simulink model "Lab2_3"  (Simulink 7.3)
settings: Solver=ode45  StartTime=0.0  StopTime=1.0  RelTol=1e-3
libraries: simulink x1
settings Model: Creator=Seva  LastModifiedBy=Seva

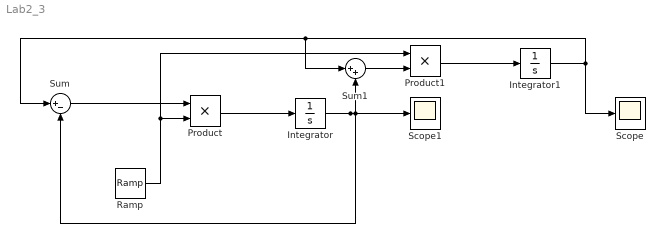
== system Lab2_3 ==
  Integrator : Integrator  InitialCondition=1
  Integrator1 : Integrator  InitialCondition=1
  Product : Product  OutDataType=fixdt(1, 16)  OutScaling=2^0  RndMeth=Zero
  Product1 : Product  OutDataType=fixdt(1, 16)  OutScaling=2^0  RndMeth=Zero
  Ramp : simulink/Sources/Ramp  SystemSampleTime=-1  slope=1  start=0  X0=0
  Scope : Scope
  Scope1 : Scope
  Sum : Sum  Inputs=|+-  OutDataType=fixdt(1, 16)  OutScaling=2^0
  Sum1 : Sum  Inputs=|++  OutDataType=fixdt(1, 16)  OutScaling=2^0
  wires:
  Sum/1 -> Product/1
  Ramp/1 -> Product/2, Product1/1
  Product/1 -> Integrator/1
  Integrator/1 -> Sum/2, Sum1/2, Scope1/1
  Sum1/1 -> Product1/2
  Product1/1 -> Integrator1/1
  Integrator1/1 -> Sum1/1, Sum/1, Scope/1
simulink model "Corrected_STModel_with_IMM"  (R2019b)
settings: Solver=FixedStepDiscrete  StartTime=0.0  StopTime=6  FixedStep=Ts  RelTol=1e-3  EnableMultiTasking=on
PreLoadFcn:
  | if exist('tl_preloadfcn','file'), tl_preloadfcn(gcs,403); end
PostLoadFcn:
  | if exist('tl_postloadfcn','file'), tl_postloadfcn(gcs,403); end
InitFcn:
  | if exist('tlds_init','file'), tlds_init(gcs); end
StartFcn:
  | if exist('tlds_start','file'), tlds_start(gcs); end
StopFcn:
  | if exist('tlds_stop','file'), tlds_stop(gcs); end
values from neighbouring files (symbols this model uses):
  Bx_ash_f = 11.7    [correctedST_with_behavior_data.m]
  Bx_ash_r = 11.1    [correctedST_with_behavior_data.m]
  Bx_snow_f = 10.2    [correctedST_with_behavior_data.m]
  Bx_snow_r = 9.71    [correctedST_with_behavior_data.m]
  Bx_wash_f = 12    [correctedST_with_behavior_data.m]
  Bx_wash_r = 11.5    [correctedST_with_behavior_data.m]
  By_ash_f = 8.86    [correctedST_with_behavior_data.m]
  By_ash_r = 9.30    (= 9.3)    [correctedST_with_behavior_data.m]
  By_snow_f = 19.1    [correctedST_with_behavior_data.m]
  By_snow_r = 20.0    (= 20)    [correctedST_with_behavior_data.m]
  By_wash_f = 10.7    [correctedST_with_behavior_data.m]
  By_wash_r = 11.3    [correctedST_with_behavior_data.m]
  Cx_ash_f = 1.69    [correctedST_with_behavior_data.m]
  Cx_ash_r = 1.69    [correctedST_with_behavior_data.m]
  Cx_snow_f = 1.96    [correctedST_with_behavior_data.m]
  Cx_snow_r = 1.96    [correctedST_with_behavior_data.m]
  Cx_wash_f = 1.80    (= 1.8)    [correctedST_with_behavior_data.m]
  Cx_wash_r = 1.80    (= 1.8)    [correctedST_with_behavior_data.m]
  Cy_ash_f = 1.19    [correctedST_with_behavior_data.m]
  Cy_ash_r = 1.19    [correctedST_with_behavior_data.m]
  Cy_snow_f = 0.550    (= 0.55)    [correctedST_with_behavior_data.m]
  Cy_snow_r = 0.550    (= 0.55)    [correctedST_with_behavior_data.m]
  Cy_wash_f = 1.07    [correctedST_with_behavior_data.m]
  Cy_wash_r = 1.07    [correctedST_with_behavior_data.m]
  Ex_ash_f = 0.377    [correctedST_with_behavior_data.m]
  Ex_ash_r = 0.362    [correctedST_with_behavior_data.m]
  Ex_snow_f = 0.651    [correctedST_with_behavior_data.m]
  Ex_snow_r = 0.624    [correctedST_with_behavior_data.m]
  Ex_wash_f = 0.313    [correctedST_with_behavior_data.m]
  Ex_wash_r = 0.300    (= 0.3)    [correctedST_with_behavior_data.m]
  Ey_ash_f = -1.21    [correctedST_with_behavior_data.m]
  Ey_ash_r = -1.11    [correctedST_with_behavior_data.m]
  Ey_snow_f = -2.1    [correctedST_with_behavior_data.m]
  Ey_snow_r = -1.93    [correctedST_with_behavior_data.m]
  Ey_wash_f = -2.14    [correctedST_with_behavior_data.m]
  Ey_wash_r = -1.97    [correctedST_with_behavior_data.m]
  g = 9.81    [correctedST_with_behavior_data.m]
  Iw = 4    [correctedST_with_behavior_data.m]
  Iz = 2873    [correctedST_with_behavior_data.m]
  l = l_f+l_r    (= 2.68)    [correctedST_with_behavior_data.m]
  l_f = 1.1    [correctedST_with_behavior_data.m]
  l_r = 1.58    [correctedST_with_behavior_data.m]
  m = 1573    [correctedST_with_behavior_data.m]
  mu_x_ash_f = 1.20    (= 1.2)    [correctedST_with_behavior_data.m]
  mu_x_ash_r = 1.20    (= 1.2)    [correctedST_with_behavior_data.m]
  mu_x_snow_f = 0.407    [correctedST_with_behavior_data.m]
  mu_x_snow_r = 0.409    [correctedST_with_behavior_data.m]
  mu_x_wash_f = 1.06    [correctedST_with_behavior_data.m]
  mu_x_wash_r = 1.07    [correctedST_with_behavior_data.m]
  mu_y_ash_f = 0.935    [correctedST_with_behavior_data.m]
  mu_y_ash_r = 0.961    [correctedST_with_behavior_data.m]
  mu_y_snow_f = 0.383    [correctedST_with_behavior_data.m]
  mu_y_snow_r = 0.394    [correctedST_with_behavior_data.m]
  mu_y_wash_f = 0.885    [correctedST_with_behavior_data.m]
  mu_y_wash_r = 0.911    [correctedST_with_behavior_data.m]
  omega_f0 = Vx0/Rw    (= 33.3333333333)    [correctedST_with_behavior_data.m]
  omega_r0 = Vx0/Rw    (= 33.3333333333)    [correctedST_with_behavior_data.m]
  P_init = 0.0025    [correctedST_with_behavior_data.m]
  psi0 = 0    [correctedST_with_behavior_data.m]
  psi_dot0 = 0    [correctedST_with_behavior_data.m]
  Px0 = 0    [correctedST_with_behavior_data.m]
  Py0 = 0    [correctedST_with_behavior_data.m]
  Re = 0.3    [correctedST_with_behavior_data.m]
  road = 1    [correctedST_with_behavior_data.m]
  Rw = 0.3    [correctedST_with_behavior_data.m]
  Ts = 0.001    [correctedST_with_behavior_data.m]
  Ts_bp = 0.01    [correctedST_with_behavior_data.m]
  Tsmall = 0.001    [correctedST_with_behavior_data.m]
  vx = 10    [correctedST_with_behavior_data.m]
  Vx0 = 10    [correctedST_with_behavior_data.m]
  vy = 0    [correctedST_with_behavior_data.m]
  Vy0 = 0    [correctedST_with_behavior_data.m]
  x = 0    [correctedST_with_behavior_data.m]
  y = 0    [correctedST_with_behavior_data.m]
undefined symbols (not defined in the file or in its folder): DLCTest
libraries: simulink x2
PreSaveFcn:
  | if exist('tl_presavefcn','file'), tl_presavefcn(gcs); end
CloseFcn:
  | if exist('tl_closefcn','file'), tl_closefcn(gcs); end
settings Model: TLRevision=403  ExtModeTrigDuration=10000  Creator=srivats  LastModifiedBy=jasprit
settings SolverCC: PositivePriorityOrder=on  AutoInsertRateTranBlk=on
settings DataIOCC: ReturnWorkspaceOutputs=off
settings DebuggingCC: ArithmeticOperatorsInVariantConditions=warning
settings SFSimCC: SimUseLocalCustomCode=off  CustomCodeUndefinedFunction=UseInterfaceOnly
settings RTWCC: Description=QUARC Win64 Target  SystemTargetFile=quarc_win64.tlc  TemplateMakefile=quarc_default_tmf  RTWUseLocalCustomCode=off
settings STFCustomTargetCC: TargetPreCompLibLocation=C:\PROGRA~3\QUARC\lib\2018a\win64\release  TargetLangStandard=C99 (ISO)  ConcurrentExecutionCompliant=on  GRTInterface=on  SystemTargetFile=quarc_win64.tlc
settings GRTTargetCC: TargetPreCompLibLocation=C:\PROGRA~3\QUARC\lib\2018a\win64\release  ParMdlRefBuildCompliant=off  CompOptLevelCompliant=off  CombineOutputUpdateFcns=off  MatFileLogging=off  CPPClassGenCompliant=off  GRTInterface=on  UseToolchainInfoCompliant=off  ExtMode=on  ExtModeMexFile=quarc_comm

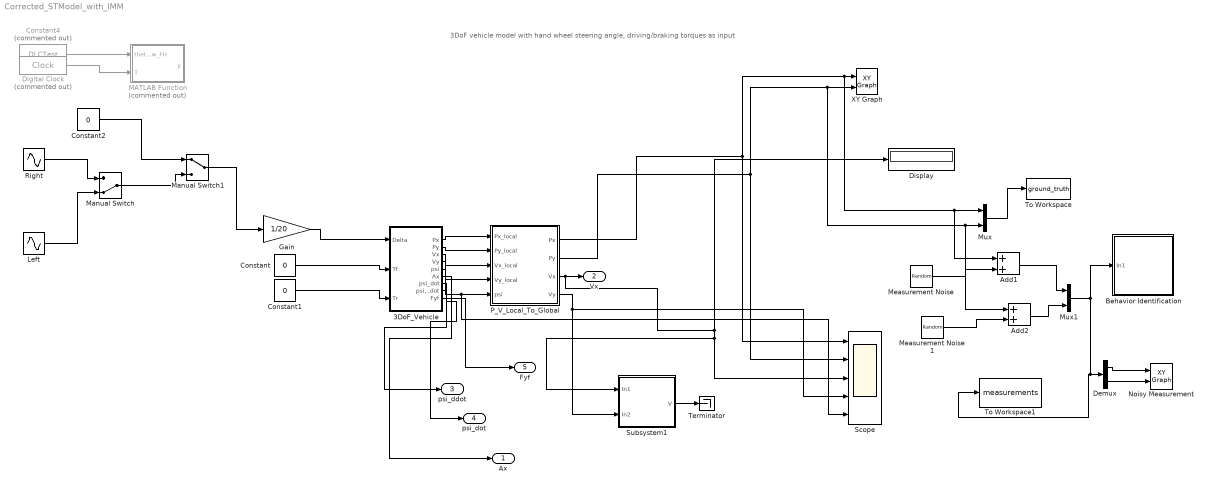
== system Corrected_STModel_with_IMM ==
  note: 3DoF vehicle model with hand wheel steering angle, driving/braking torques as input
  3DoF_Vehicle : Subsystem
  Add1 : Sum
  Add2 : Sum
  Behavior Identification : Subsystem
  Constant : Constant  Value=0
  Constant1 : Constant  Value=0
  Constant2 : Constant  Value=0
  Constant4 : Constant  Commented=on  Value=DLCTest
  Demux : Demux  Outputs=2
  Digital Clock : DigitalClock  Commented=on  SampleTime=0.001
  Display : Display
  Gain : Gain  Gain=1/20
  Left : Sin  Amplitude=0.105  Frequency=2*pi/10  SampleTime=0
  MATLAB Function : MATLAB Function  Commented=on  TreatAsAtomicUnit=on
  Manual Switch : ManualSwitch  CurrentSetting=0
  Manual Switch1 : ManualSwitch
  "Measurement Noise " : RandomNumber  Variance=0.0025
  Measurement Noise 1 : RandomNumber  Variance=0.0025
  Mux : Mux  Inputs=2
  Mux1 : Mux  Inputs=2
  Noisy Measurement : simulink/Sinks/XY Graph  xmin=-10  xmax=100  ymin=-5  ymax=5  st=-1
  P_V_Local_To_Global : Subsystem
  Right : Sin  Amplitude=0.105  Frequency=2*pi/10  Phase=-pi  SampleTime=0
  Scope : Scope  NumInputPorts=5
  Subsystem1 : Subsystem
  Terminator : Terminator
  To Workspace : ToWorkspace  VariableName=ground_truth  SaveFormat=Timeseries  SampleTime=Ts_bp
  To Workspace1 : ToWorkspace  VariableName=measurements  SaveFormat=Timeseries  SampleTime=Ts_bp
  XY Graph : simulink/Sinks/XY Graph  xmin=0  xmax=75  ymin=-4  ymax=4  st=-1
  Ax : Outport  VectorParamsAs1DForOutWhenUnconnected=off
  Vx : Outport  Port=2  VectorParamsAs1DForOutWhenUnconnected=off
  psi_ddot : Outport  Port=3  VectorParamsAs1DForOutWhenUnconnected=off
  psi_dot : Outport  Port=4  VectorParamsAs1DForOutWhenUnconnected=off
  Fyf : Outport  Port=5  VectorParamsAs1DForOutWhenUnconnected=off
  wires:
  P_V_Local_To_Global/4(Vy) -> Scope/4, Subsystem1/2(In2)
  3DoF_Vehicle/5(psi) -> Scope/5, P_V_Local_To_Global/5(psi)
  P_V_Local_To_Global/3(Vx) -> Display/1, Subsystem1/1(In1), Scope/3, Vx/1
  Subsystem1/1(V) -> Terminator/1
  Constant1/1 -> 3DoF_Vehicle/3(Tr)
  3DoF_Vehicle/4(Vy) -> P_V_Local_To_Global/4(Vy_local)
  Constant/1 -> 3DoF_Vehicle/2(Tf)
  3DoF_Vehicle/2(Py) -> P_V_Local_To_Global/2(Py_local)
  3DoF_Vehicle/3(Vx) -> P_V_Local_To_Global/3(Vx_local)
  3DoF_Vehicle/1(Px) -> P_V_Local_To_Global/1(Px_local)
  3DoF_Vehicle/6(Ax) -> Ax/1
  3DoF_Vehicle/8(psi_ddot) -> psi_ddot/1
  3DoF_Vehicle/7(psi_dot) -> psi_dot/1
  3DoF_Vehicle/9(Fyf) -> Fyf/1
  Gain/1 -> 3DoF_Vehicle/1(Delta)
  Constant4/1 -> MATLAB Function/1(theta_sw_FH)
  Digital Clock/1 -> MATLAB Function/2(T)
  Manual Switch/1 -> Manual Switch1/2
  Left/1 -> Manual Switch/2
  Mux/1 -> To Workspace/1
  P_V_Local_To_Global/2(Py) -> Add2/1, Mux/2, XY Graph/2, Scope/2
  P_V_Local_To_Global/1(Px) -> Add1/1, Mux/1, XY Graph/1, Scope/1
  Add1/1 -> Mux1/1
  Demux/1 -> Noisy Measurement/1
  Demux/2 -> Noisy Measurement/2
  Right/1 -> Manual Switch/1
  Constant2/1 -> Manual Switch1/1
  Manual Switch1/1 -> Gain/1
  "Measurement Noise "/1 -> Add1/2
  Measurement Noise 1/1 -> Add2/2
  Add2/1 -> Mux1/2
  Mux1/1 -> Behavior Identification/1(In1), To Workspace1/1, Demux/1

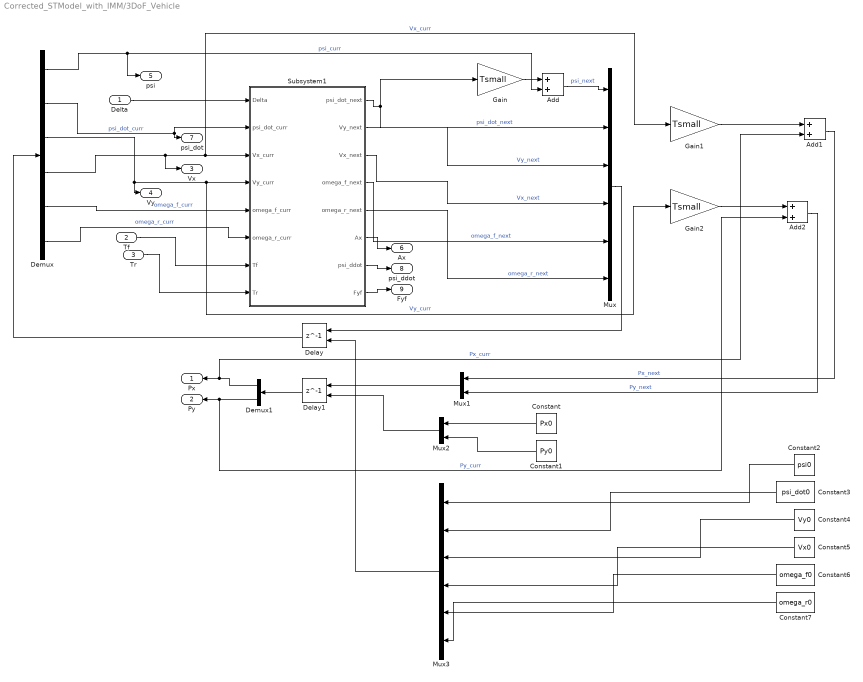
== system Corrected_STModel_with_IMM/3DoF_Vehicle ==
  Delta : Inport
  Tf : Inport  Port=2
  Tr : Inport  Port=3
  Add : Sum
  Add1 : Sum
  Add2 : Sum
  Constant : Constant  Value=Px0
  Constant1 : Constant  Value=Py0
  Constant2 : Constant  Value=psi0
  Constant3 : Constant  Value=psi_dot0
  Constant4 : Constant  Value=Vy0
  Constant5 : Constant  Value=Vx0
  Constant6 : Constant  Value=omega_f0
  Constant7 : Constant  Value=omega_r0
  Delay : Delay  DelayLength=1  InitialConditionSource=Input port  SampleTime=Tsmall
      settings: InputPortMap=u0,p4
  Delay1 : Delay  DelayLength=1  InitialConditionSource=Input port  SampleTime=Tsmall
      settings: InputPortMap=u0,p4
  Demux : Demux  Outputs=6
  Demux1 : Demux  Outputs=2
  Gain : Gain  Gain=Tsmall
  Gain1 : Gain  Gain=Tsmall
  Gain2 : Gain  Gain=Tsmall
  Mux : Mux  Inputs=6
  Mux1 : Mux  Inputs=2
  Mux2 : Mux  Inputs=2
  Mux3 : Mux  Inputs=6
  Subsystem1 : Subsystem
  Px : Outport  VectorParamsAs1DForOutWhenUnconnected=off
  Py : Outport  Port=2  VectorParamsAs1DForOutWhenUnconnected=off
  Vx : Outport  Port=3  VectorParamsAs1DForOutWhenUnconnected=off
  Vy : Outport  Port=4  VectorParamsAs1DForOutWhenUnconnected=off
  psi : Outport  Port=5  VectorParamsAs1DForOutWhenUnconnected=off
  Ax : Outport  Port=6  VectorParamsAs1DForOutWhenUnconnected=off
  psi_dot : Outport  Port=7  VectorParamsAs1DForOutWhenUnconnected=off
  psi_ddot : Outport  Port=8  VectorParamsAs1DForOutWhenUnconnected=off
  Fyf : Outport  Port=9  VectorParamsAs1DForOutWhenUnconnected=off
  wires:
  Demux/1 -> psi/1, Add/2  "psi_curr"
  Delay/1 -> Demux/1
  Demux/6 -> Subsystem1/6(omega_r_curr)  "omega_r_curr"
  Gain/1 -> Add/1
  Delta/1 -> Subsystem1/1(Delta)
  Subsystem1/4(omega_f_next) -> Mux/5  "omega_f_next"
  Subsystem1/1(psi_dot_next) -> Mux/2, Gain/1  "psi_dot_next"
  Add/1 -> Mux/1  "psi_next"
  Tr/1 -> Subsystem1/8(Tr)
  Tf/1 -> Subsystem1/7(Tf)
  Subsystem1/3(Vx_next) -> Mux/4  "Vx_next"
  Demux/2 -> psi_dot/1, Subsystem1/2(psi_dot_curr)  "psi_dot_curr"
  Mux/1 -> Delay/1
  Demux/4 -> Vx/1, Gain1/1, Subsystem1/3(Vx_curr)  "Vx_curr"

* REQUIREMENT
All lines above from the one with "Ts_bp = 0.01" to the one with "exist('tl_closefcn','file'), tl_closefcn(gcs); end", inclusive, should be copied exactly, and no other lines.

* COMPLETED TASK
  Ts_bp = 0.01    [correctedST_with_behavior_data.m]
  Tsmall = 0.001    [correctedST_with_behavior_data.m]
  vx = 10    [correctedST_with_behavior_data.m]
  Vx0 = 10    [correctedST_with_behavior_data.m]
  vy = 0    [correctedST_with_behavior_data.m]
  Vy0 = 0    [correctedST_with_behavior_data.m]
  x = 0    [correctedST_with_behavior_data.m]
  y = 0    [correctedST_with_behavior_data.m]
undefined symbols (not defined in the file or in its folder): DLCTest
libraries: simulink x2
PreSaveFcn:
  | if exist('tl_presavefcn','file'), tl_presavefcn(gcs); end
CloseFcn:
  | if exist('tl_closefcn','file'), tl_closefcn(gcs); end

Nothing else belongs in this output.